▶ **ASSIGNED TASK**: Would you copy each line of the records that includes the word "units"?

▶ **RECORDS TO USE**:
+ + + + +
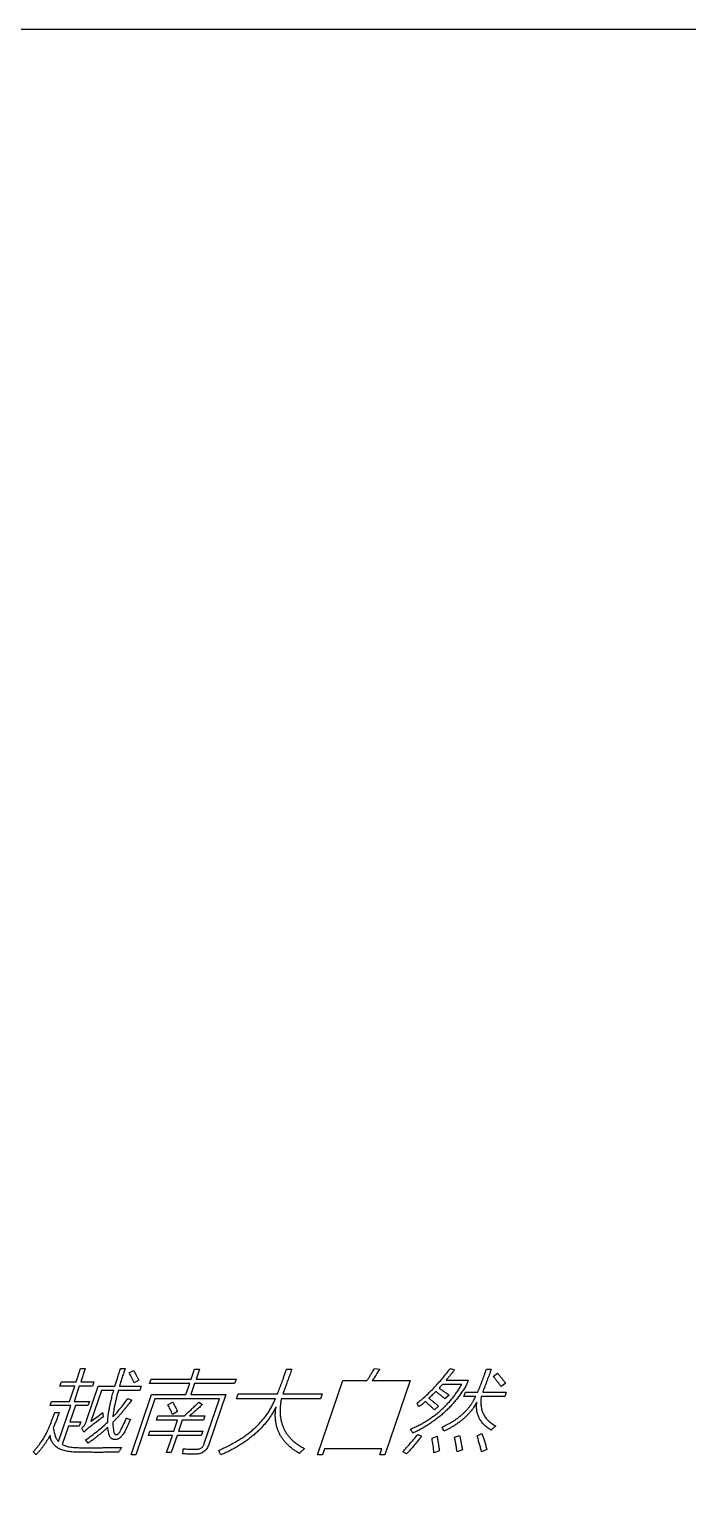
# Model space of a CAD drawing. Header units: millimetres. Extents: x 68706 to 69491, y -6452 to -3374.
# Drawn here: x 69072.3 to 69214.2, y -6001 to -5683.1 of the extents above; entities that cross this region are included whole.
import ezdxf

# ---------------------------------------------------------------- set-up
doc = ezdxf.new("R2010")
doc.units = ezdxf.units.MM

msp = doc.modelspace()

# ---------------------------------------------------------------- linework, layer by layer
at = {"color": 7, "linetype": 'Continuous', "lineweight": 25}
for p, q in [((69380.18, -5683.08), (68816.33, -5683.08)), ((69082.4, -5974.71), (69083.38, -5971.84)), ((69083.38, -5971.84), (69084.38, -5971.84)), ((69084.38, -5971.84), (69083.41, -5974.71)), ((69092.01, -5971.8), (69093, -5971.8)), ((69093.84, -5972.75), (69094.76, -5972.25)), ((69107.22, -5974.14), (69107.95, -5971.98)), ((69107.95, -5971.98), (69108.99, -5971.98)), ((69108.99, -5971.98), (69108.26, -5974.14)), ((69127.77, -5971.98), (69128.89, -5971.98)), ((69146.75, -5971.8), (69147.86, -5971.97)), ((69163.11, -5971.8), (69164, -5972.1)), ((69170.88, -5971.98), (69171.9, -5971.98)), ((69078.91, -5975.64), (69079.22, -5974.71)), ((69082.09, -5975.64), (69078.91, -5975.64)), ((69079.22, -5974.71), (69082.4, -5974.71)), ((69080.97, -5978.92), (69082.09, -5975.64)), ((69083.09, -5975.64), (69081.98, -5978.92)), ((69085.94, -5975.64), (69083.09, -5975.64)), ((69083.41, -5974.71), (69086.25, -5974.71)), ((69084.66, -5983.07), (69087.18, -5975.63)), ((69086.25, -5974.71), (69085.94, -5975.64)), ((69087.18, -5975.63), (69090.78, -5975.63)), ((69091.75, -5975.63), (69096.46, -5975.63)), ((69095.89, -5974.33), (69094.9, -5974.91)), ((69096.46, -5975.63), (69096.14, -5976.56)), ((69098.24, -5975.09), (69098.57, -5974.14)), ((69106.89, -5975.09), (69098.24, -5975.09)), ((69098.57, -5974.14), (69107.22, -5974.14)), ((69106.09, -5977.45), (69106.89, -5975.09)), ((69107.94, -5975.09), (69107.14, -5977.45)), ((69116.55, -5975.09), (69107.94, -5975.09)), ((69108.26, -5974.14), (69116.88, -5974.14)), ((69116.88, -5974.14), (69116.55, -5975.09)), ((69134.45, -5990.42), (69139.88, -5974.45)), ((69139.88, -5974.45), (69145.12, -5974.45)), ((69146.21, -5974.45), (69154.41, -5974.45)), ((69154.41, -5974.45), (69148.97, -5990.46)), ((69165.54, -5975.27), (69161.38, -5975.27)), ((69162.19, -5974.32), (69166.93, -5974.32)), ((69166.93, -5974.32), (69166.59, -5975.33)), ((69172.31, -5973.54), (69173.25, -5972.87)), ((69175.03, -5975.02), (69174.03, -5975.74)), ((69076.78, -5979.85), (69077.1, -5978.92)), ((69077.1, -5978.92), (69080.97, -5978.92)), ((69081.98, -5978.92), (69085.26, -5978.92)), ((69085.26, -5978.92), (69084.94, -5979.85)), ((69087.86, -5976.56), (69085.6, -5983.23)), ((69090.51, -5976.56), (69087.86, -5976.56)), ((69096.14, -5976.56), (69091.5, -5976.56)), ((69093.58, -5978.28), (69094.38, -5978.66)), ((69094.26, -5990.46), (69098.68, -5977.45)), ((69099.39, -5978.38), (69095.28, -5990.46)), ((69098.68, -5977.45), (69106.09, -5977.45)), ((69113.32, -5978.38), (69099.39, -5978.38)), ((69102.21, -5979.68), (69103.22, -5979.07)), ((69107.14, -5977.45), (69114.67, -5977.45)), ((69108.88, -5979.08), (69109.62, -5979.61)), ((69110.04, -5988.02), (69113.32, -5978.38)), ((69114.67, -5977.45), (69111.02, -5988.19)), ((69117, -5978.38), (69117.36, -5977.32)), ((69125.37, -5978.38), (69117, -5978.38)), ((69117.36, -5977.32), (69125.81, -5977.32)), ((69135.13, -5978.38), (69126.63, -5978.38)), ((69126.97, -5977.32), (69135.49, -5977.32)), ((69135.49, -5977.32), (69135.13, -5978.38)), ((69162.82, -5977.56), (69161.94, -5978.39)), ((69166.02, -5977.84), (69166.33, -5976.91)), ((69168.57, -5977.84), (69166.02, -5977.84)), ((69166.33, -5976.91), (69169, -5976.91)), ((69174.85, -5977.84), (69169.75, -5977.84)), ((69170.07, -5976.91), (69175.16, -5976.91)), ((69175.16, -5976.91), (69174.85, -5977.84)), ((69081.23, -5979.85), (69076.78, -5979.85)), ((69077.79, -5981.32), (69078.75, -5981.32)), ((69078.6, -5987.6), (69081.23, -5979.85)), ((69082.24, -5979.85), (69081.06, -5983.32)), ((69084.94, -5979.85), (69082.24, -5979.85)), ((69099.72, -5982.96), (69100.02, -5982.06)), ((69100.02, -5982.06), (69105.73, -5982.06)), ((69104.26, -5981.14), (69103.18, -5981.75)), ((69106.87, -5982.06), (69110.17, -5982.06)), ((69110.17, -5982.06), (69109.86, -5982.96)), ((69160.55, -5979.97), (69159.65, -5980.76)), ((69080.75, -5984.24), (69079.4, -5988.22)), ((69083.09, -5984.24), (69080.75, -5984.24)), ((69081.06, -5983.32), (69083.41, -5983.32)), ((69083.41, -5983.32), (69083.09, -5984.24)), ((69084.05, -5985.56), (69083.6, -5984.68)), ((69097.98, -5986.25), (69098.28, -5985.35)), ((69098.28, -5985.35), (69103.47, -5985.35)), ((69104.28, -5982.96), (69099.72, -5982.96)), ((69103.47, -5985.35), (69104.28, -5982.96)), ((69105.3, -5982.96), (69104.49, -5985.35)), ((69104.49, -5985.35), (69109.69, -5985.35)), ((69109.86, -5982.96), (69105.3, -5982.96)), ((69109.69, -5985.35), (69109.38, -5986.25)), ((69103.16, -5986.25), (69097.98, -5986.25)), ((69101.89, -5989.98), (69103.16, -5986.25)), ((69104.18, -5986.25), (69102.91, -5989.98)), ((69109.38, -5986.25), (69104.18, -5986.25)), ((69156.05, -5986.05), (69156.91, -5986.46)), ((69159.14, -5986.83), (69160.23, -5986.45)), ((69164.02, -5986.67), (69165.1, -5986.27)), ((69168.86, -5986.34), (69169.91, -5985.85)), ((69083.51, -5988.91), (69085.04, -5988.91)), ((69091.53, -5989.91), (69089.89, -5989.91)), ((69095.28, -5990.46), (69094.26, -5990.46)), ((69102.91, -5989.98), (69101.89, -5989.98)), ((69108.16, -5990.29), (69108, -5990.29)), ((69135.53, -5990.42), (69134.45, -5990.42)), ((69135.95, -5989.18), (69135.53, -5990.42)), ((69148.33, -5989.18), (69135.95, -5989.18)), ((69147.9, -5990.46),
+ + + + +
▶ **RESPONSE AREA**:
# Model space of a CAD drawing. Header units: millimetres. Extents: x 68706 to 69491, y -6452 to -3374.
doc.units = ezdxf.units.MM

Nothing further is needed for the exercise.